• **Data for analysis**
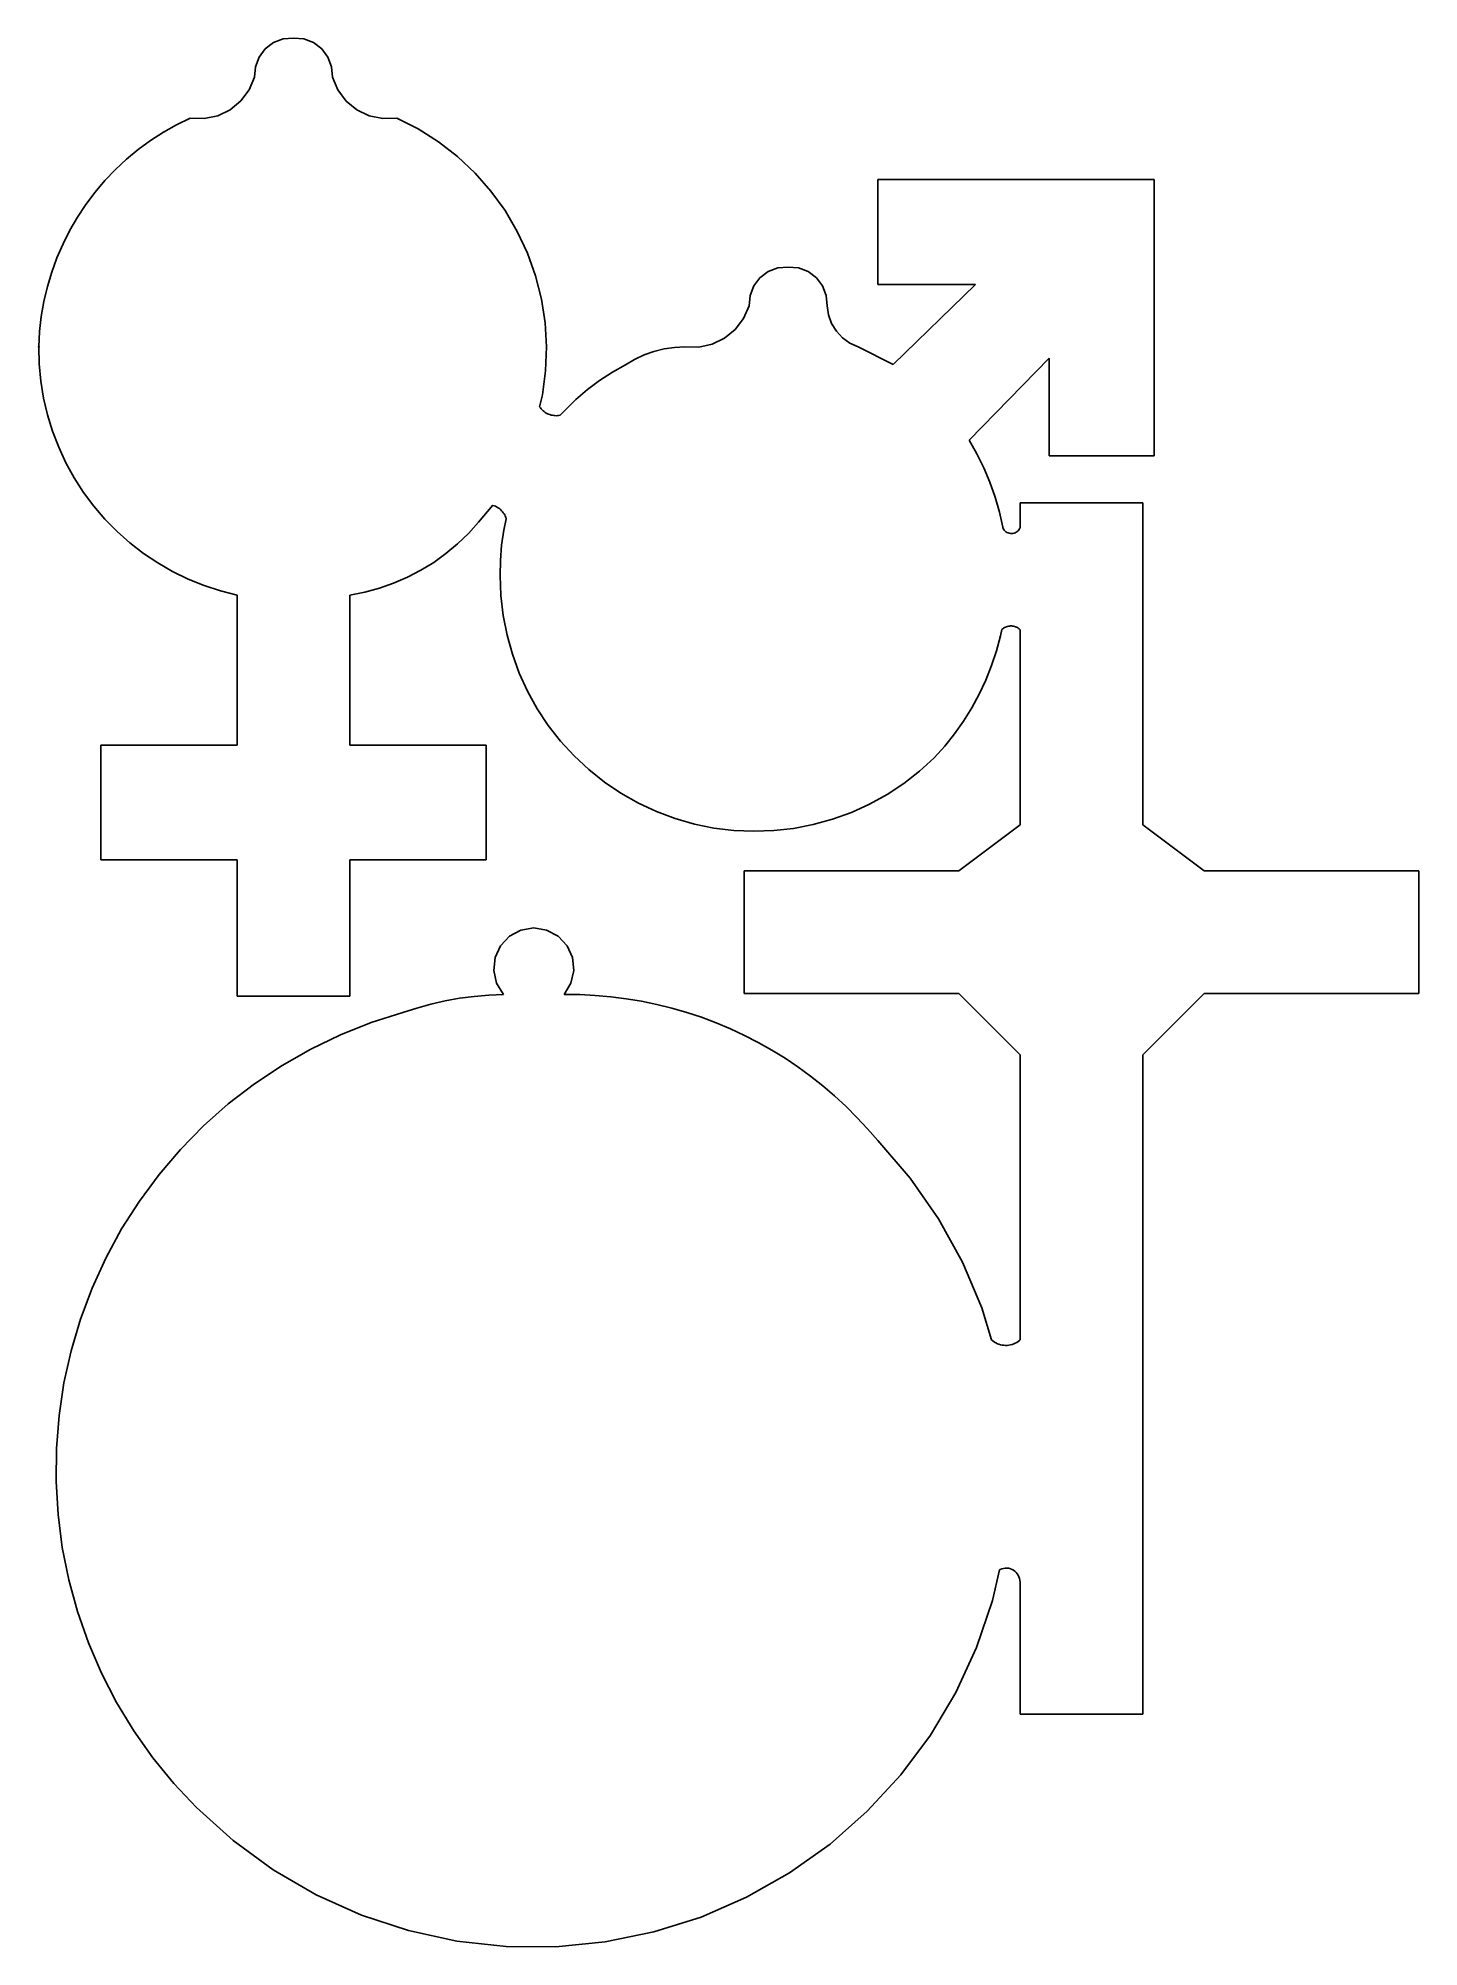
# Model space of a CAD drawing. Extents: x 0 to 3.54, y 0 to 4.9.
import ezdxf

# ---------------------------------------------------------------- set-up
doc = ezdxf.new("R2010")
doc.units = 0
doc.layers.add('Board_Outline', color=23, linetype='Continuous')

msp = doc.modelspace()

# ---------------------------------------------------------------- linework, layer by layer
at = {"layer": 'Board_Outline'}
for p, q in [((0.6542, 4.9009), (0.6278, 4.8988)), ((0.6807, 4.8988), (0.6542, 4.9009)), ((0.5657, 4.8522), (0.5563, 4.8273)), ((0.5817, 4.8734), (0.5657, 4.8522)), ((0.6029, 4.8894), (0.5817, 4.8734)), ((0.6278, 4.8988), (0.6029, 4.8894)), ((0.7055, 4.8894), (0.6807, 4.8988)), ((0.7268, 4.8734), (0.7055, 4.8894)), ((0.7427, 4.8522), (0.7268, 4.8734)), ((0.7521, 4.8273), (0.7427, 4.8522)), ((0.5563, 4.8273), (0.5542, 4.8009)), ((0.7542, 4.8009), (0.7521, 4.8273)), ((0.5405, 4.7681), (0.5192, 4.7396)), ((0.5542, 4.8009), (0.5405, 4.7681)), ((0.768, 4.7681), (0.7542, 4.8009)), ((0.7893, 4.7395), (0.768, 4.7681)), ((0.4917, 4.717), (0.4596, 4.7016)), ((0.5192, 4.7396), (0.4917, 4.717)), ((0.8167, 4.717), (0.7893, 4.7395)), ((0.8488, 4.7016), (0.8167, 4.717)), ((0.3201, 4.6595), (0.2872, 4.6383)), ((0.3541, 4.6787), (0.3201, 4.6595)), ((0.3892, 4.6959), (0.3541, 4.6787)), ((0.4248, 4.6945), (0.3892, 4.6959)), ((0.4596, 4.7016), (0.4248, 4.6945)), ((0.8837, 4.6945), (0.8488, 4.7016)), ((0.9192, 4.6959), (0.8837, 4.6945)), ((0.9743, 4.6679), (0.9192, 4.6959)), ((1.0265, 4.6348), (0.9743, 4.6679)), ((0.2557, 4.6152), (0.2256, 4.5902)), ((0.2872, 4.6383), (0.2557, 4.6152)), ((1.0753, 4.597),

• **Task description**
Could you give the listing again exactly, minus its pictures?

• **Output**
# Model space of a CAD drawing. Extents: x 0 to 3.54, y 0 to 4.9.
import ezdxf

# ---------------------------------------------------------------- set-up
doc = ezdxf.new("R2010")
doc.units = 0
doc.layers.add('Board_Outline', color=23, linetype='Continuous')

msp = doc.modelspace()

# ---------------------------------------------------------------- linework, layer by layer
at = {"layer": 'Board_Outline'}
for p, q in [((0.6542, 4.9009), (0.6278, 4.8988)), ((0.6807, 4.8988), (0.6542, 4.9009)), ((0.5657, 4.8522), (0.5563, 4.8273)), ((0.5817, 4.8734), (0.5657, 4.8522)), ((0.6029, 4.8894), (0.5817, 4.8734)), ((0.6278, 4.8988), (0.6029, 4.8894)), ((0.7055, 4.8894), (0.6807, 4.8988)), ((0.7268, 4.8734), (0.7055, 4.8894)), ((0.7427, 4.8522), (0.7268, 4.8734)), ((0.7521, 4.8273), (0.7427, 4.8522)), ((0.5563, 4.8273), (0.5542, 4.8009)), ((0.7542, 4.8009), (0.7521, 4.8273)), ((0.5405, 4.7681), (0.5192, 4.7396)), ((0.5542, 4.8009), (0.5405, 4.7681)), ((0.768, 4.7681), (0.7542, 4.8009)), ((0.7893, 4.7395), (0.768, 4.7681)), ((0.4917, 4.717), (0.4596, 4.7016)), ((0.5192, 4.7396), (0.4917, 4.717)), ((0.8167, 4.717), (0.7893, 4.7395)), ((0.8488, 4.7016), (0.8167, 4.717)), ((0.3201, 4.6595), (0.2872, 4.6383)), ((0.3541, 4.6787), (0.3201, 4.6595)), ((0.3892, 4.6959), (0.3541, 4.6787)), ((0.4248, 4.6945), (0.3892, 4.6959)), ((0.4596, 4.7016), (0.4248, 4.6945)), ((0.8837, 4.6945), (0.8488, 4.7016)), ((0.9192, 4.6959), (0.8837, 4.6945)), ((0.9743, 4.6679), (0.9192, 4.6959)), ((1.0265, 4.6348), (0.9743, 4.6679)), ((0.2557, 4.6152), (0.2256, 4.5902)), ((0.2872, 4.6383), (0.2557, 4.6152)), ((1.0753, 4.597),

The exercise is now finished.